В конце семидесятых, уставая от работы на пилораме, от водки, прокуренных комнат и унылого вида казарменной деревни, на выходные я убегал проветриться вдоль острова, и однажды на Северо-Западном лежбище котиков, на мысе, разделяющем Тихий океан и Берингово море.
В ветхой, покрытой прахом времени охотничьей избушке, я нарисовал фломастером на фанере скромный набросок, - сверкающие льдом горы, крупные звезды, океан и парнишка, скрестив на груди руки, смотрит вдаль.
Подпись: «Там, где кончается Никольское, начинается свобода».
В один прекрасный вечер в дверь постучал прибежавший с забоя котиков славный малый алеут и, хлебнув «индийца», назвал человека, который, взяв два румба влево от лежбища, устроил прогулку в ту избушку работнику госбезопасности с целью ознакомления с подписью к картинке.
В те времена мужчина на острове был мужчиной, а человек, пошатнувший его пьедестал, обладая статью и приятной наружностью (ее немного портили усы), оказался не похожим на хэмингуэевского героя.
Утром подул холодный ветер с материка и меня вызвали и попросили объяснений.
Укоротив шею на дюйм, я сослался на художника-коммуниста Рокуэлла Кента, утаив, что он сказал вообще что-то непонятное для нашего уха, - что там, где двое, свободы уже нет.
Меня попросили изложить это письменно, но даже «в белизне бумаги чувствовалась тоска насилия».
Тогда я только начинал карабкаться на древо познания и доверчиво изложил свои мотивы; сейчас эта бумажка проросла и запустила в душе маленький ядовитый побег.
И, вполне возможно, что той же рукой, которой подтирается, анонимщик писал в «Алеутскую звезду», что мои картинки - портреты пьяниц-алеутов выставлять напоказ нельзя, заклеймив весь мой маленький народ - кондовых стариков, проведших полжизни в шлюпках и седых старушек с тяжелыми веками, зверобоев и промысловиков, с которыми мы бок о бок трудились много лет, умевших крепко пить, а протрезвев, еще крепче работать.
(И кто за давностью вспомнит первую чарку водки, поднесенную матросом «Святого Петра» подплывшему на байдарке с жезлом дружбы алеуту?)
Человек отличается от зверюшек тем, что он морален, - что может помешать борцу за нравственность и коллективизм испачкать еще один лист бумаги, - ведь сукиных сынов всегда находится на одного больше, чем рассчитываешь.

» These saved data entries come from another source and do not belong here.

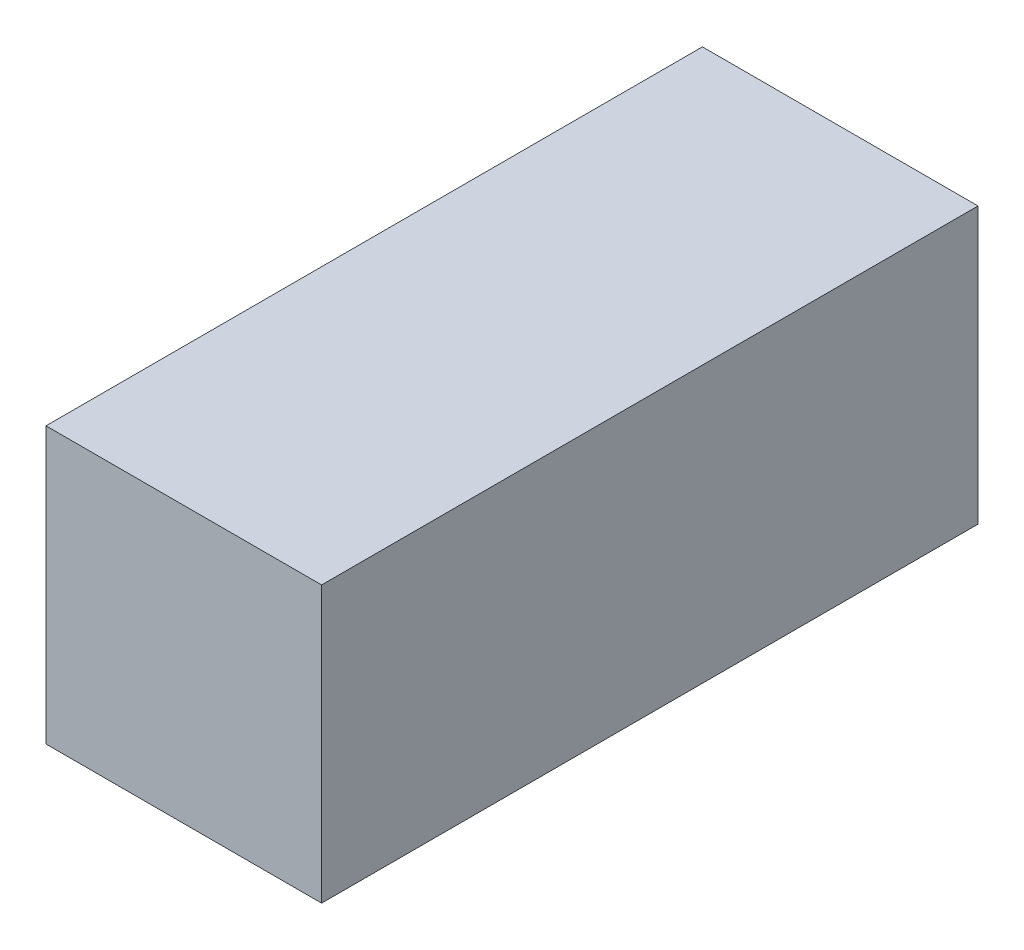
SolidWorks part; units mm, degrees
ref_plane "Piano frontale" through (0, 0, 0) normal (0, 0, 1) x (1, 0, 0)
ref_plane "Piano superiore" through (0, 0, 0) normal (0, 1, 0) x (1, 0, 0)
ref_plane "Piano destro" through (0, 0, 0) normal (1, 0, 0) x (0, 0, -1)
sketch "Schizzo1" plane through (0, 0, 0) normal (0, 0, 1) x (1, 0, 0)
  line L1 (33.5876, 33.5876) -> (-33.5876, 33.5876)
  line L2 (-33.5876, 33.5876) -> (-33.5876, -33.5876)
  line L3 (-33.5876, -33.5876) -> (33.5876, -33.5876)
  line L4 (33.5876, -33.5876) -> (33.5876, 33.5876)
  circle A0 centre (0, 0) radius 33.5876 construction
  dimension "D1" = 47.5
extrude "Estrusione-Estrusione1" add sketch "Schizzo1" along normal blind 160
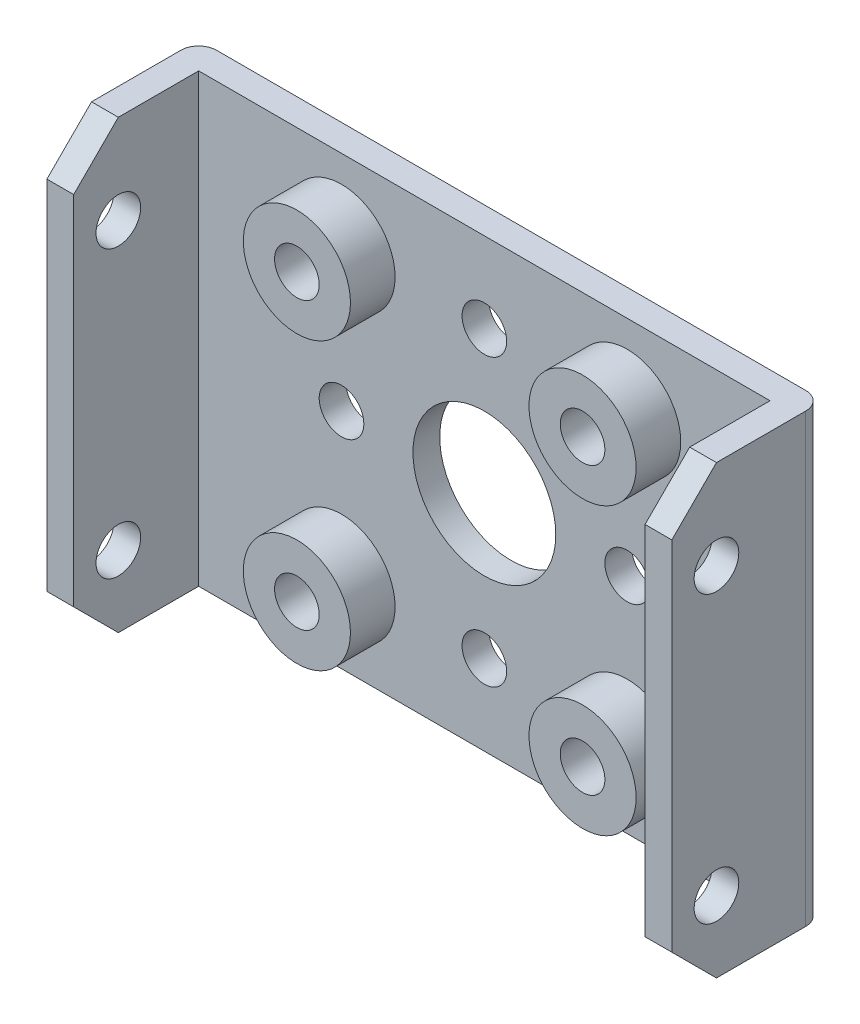
SolidWorks part; units mm, degrees
ref_plane "Front Plane" through (0, 0, 0) normal (0, 0, 1) x (1, 0, 0)
ref_plane "Top Plane" through (0, 0, 0) normal (0, 1, 0) x (1, 0, 0)
ref_plane "Right Plane" through (0, 0, 0) normal (1, 0, 0) x (0, 0, -1)
sketch "Sketch1" plane through (0, 0, 0) normal (0, 0, 1) x (1, 0, 0)
  line L1 (35, 0) -> (0, 0)
  line L2 (35, 0) -> (35, 25)
  line L3 (35, 25) -> (0, 25)
  line L4 (0, 0) -> (0, 25)
  point P6 (17.5, 0)
  dimension "D1" = 35
  dimension "D2" = 25
  dimension "D3" = 0
  dimension "D4" = 0
extrude "Boss-Extrude1" add sketch "Sketch1" along normal blind 8.5
sketch "Sketch3" plane through (0, 0, 8.5) normal (0, 0, 1) x (1, 0, 0)
  line L0 (35, 25) -> (0, 25) construction
  line L1 (1.5, 25) -> (33.5, 25)
  line L2 (1.5, 25) -> (1.5, 0)
  line L3 (1.5, 0) -> (33.5, 0)
  line L4 (33.5, 25) -> (33.5, 0)
  line L5 (0, 25) -> (0, 0) construction
  line L6 (35, 0) -> (35, 25) construction
  point P6 (1.5, 12.5)
  point P11 (33.5, 12.5)
  dimension "D1" = 1.5
  dimension "D2" = 25
  dimension "D3" = 1.5
extrude "Cut-Extrude1" cut sketch "Sketch3" against normal blind 7
fillet "Fillet1" radius 1 2 edges at (35, 12.5, 0) (0, 12.5, 0)
chamfer "Chamfer1" distance 2.5 4 edges at (34.25, 0, 8.5) (0.75, 0, 8.5) (34.25, 25, 8.5) (0.75, 25, 8.5)
sketch "Sketch4" plane through (0, 0, 0) normal (-1, 0, 0) x (0, 0, 1)
  line L0 (6, 25) -> (1, 25) construction
  line L1 (8.5, 22.5) -> (8.5, 2.5) construction
  circle A0 centre (6, 20) radius 1.25
  circle A1 centre (6, 4) radius 1.25
  dimension "D1" = 2.5
  dimension "D2" = 5
  dimension "D3" = 2.5
  dimension "D5" = 16
  dimension "D4" = 2
extrude "Cut-Extrude2" cut sketch "Sketch4" against normal blind 35
sketch "Sketch5" plane through (0, 0, 1.5) normal (0, 0, 1) x (1, 0, 0)
  line L0 (1.5, 25) -> (1.5, 0) construction
  line L1 (1.5, 0) -> (33.5, 0) construction
  circle A9 centre (9.5, 4.5) radius 3
  circle A10 centre (25.5, 4.5) radius 3
  circle A11 centre (25.5, 20.5) radius 3
  circle A12 centre (9.5, 20.5) radius 3
  dimension "D1" = 6
  dimension "D6" = 16
  dimension "D4" = 2
  dimension "D9" = 32
  dimension "D8" = 8
  dimension "D2" = 8
  dimension "D3" = 4.5
  dimension "D7" = 16
  dimension "D5" = 2
extrude "Boss-Extrude3" add sketch "Sketch5" along normal blind 2.5
sketch "Sketch7" plane through (0, 0, 1.5) normal (0, 0, 1) x (1, 0, 0)
  line L1 (1, 0) -> (34, 0) construction
  line L3 (1.5, 25) -> (1.5, 0) construction
  circle A3 centre (17.5, 12.5) radius 4
  circle A8 centre (9.5, 4.5) radius 1.25
  circle A9 centre (17.5, 4.5) radius 1.25
  circle A10 centre (25.5, 4.5) radius 1.25
  circle A11 centre (17.5, 12.5) radius 1.25 [skipped]
  circle A12 centre (25.5, 12.5) radius 1.25
  circle A13 centre (17.5, 20.5) radius 1.25
  circle A14 centre (25.5, 20.5) radius 1.25
  circle A15 centre (9.5, 12.5) radius 1.25
  circle A16 centre (9.5, 20.5) radius 1.25
  circle A17 centre (9.5, 4.5) radius 3 construction
  dimension "D2" = 2.5
  dimension "D7" = 8
  dimension "D4" = 3
  dimension "D5" = 3
  dimension "D3" = 8
  dimension "D6" = 8
  dimension "D17" = 4.5
extrude "Cut-Extrude3" cut sketch "Sketch7" against normal blind 1.5 and the other way blind 2.5

Опираясь на остров у горящего камелька, я обыгрывал в уме все варианты.
Что, если на последнем этапе, за какой-нибудь скучной дверью инспекторской системы белые одежды моей мечты будут разорваны и
осмеяны?
И то тогда останется мне, вернувшемуся на снабженную всем необходимым выше ватерлинии яхту-яхту, готовую к любым испытаниям?
Я не хочу плыть по течению в пустой погоне за тем, чего у меня нет, оберегая свою жизнь только для того, чтобы после, на ее закате, сидя в валенках на крыльце сожалеть о том, что другие, выискивая во тьме огонь далекого маяка, подставляли лицо соленым брызгам, другие брали рифы и высаживались на неизведанные земли.
Мне не хочется, бросив весла и покорившись судьбе, дрейфовать увлекаемым всеобщим потоком, пока хандроз не превратит меня в беспомощную развалину, своим нытьем заставляющую страдать людей близких.
Где-то я слышал, что в Конституции указан перечень свобод, включающий свободу путешествовать.
Почему я должен обивать пороги, кланяться, морщиться и ждать чьего-то разрешения, - в это время сотни одиночек пересекают океаны, согласовывая свои маршруты лишь с тем, последним, который следит за нами сверху.
Запрет — странная забота о человеке, рискующем за свой счет и по своему усмотрению; почему бы тогда не запретить альпинистам карабкаться на пики - у них там большой отход, а байдарочникам сплавляться по горным рекам?
Мы пришли в этот мир ненадолго и каждый вправе выбирать свой Эверест, не спрашивая ничьего разрешения.
Человек — обитатель земного пространства и инспектор — океан не будет требовать у меня характеристику яхты, акты техосмотра и медицинскую книжку - у него другая разрешительная система и наше общение с ним будет основываться на моем опыте и знаниях.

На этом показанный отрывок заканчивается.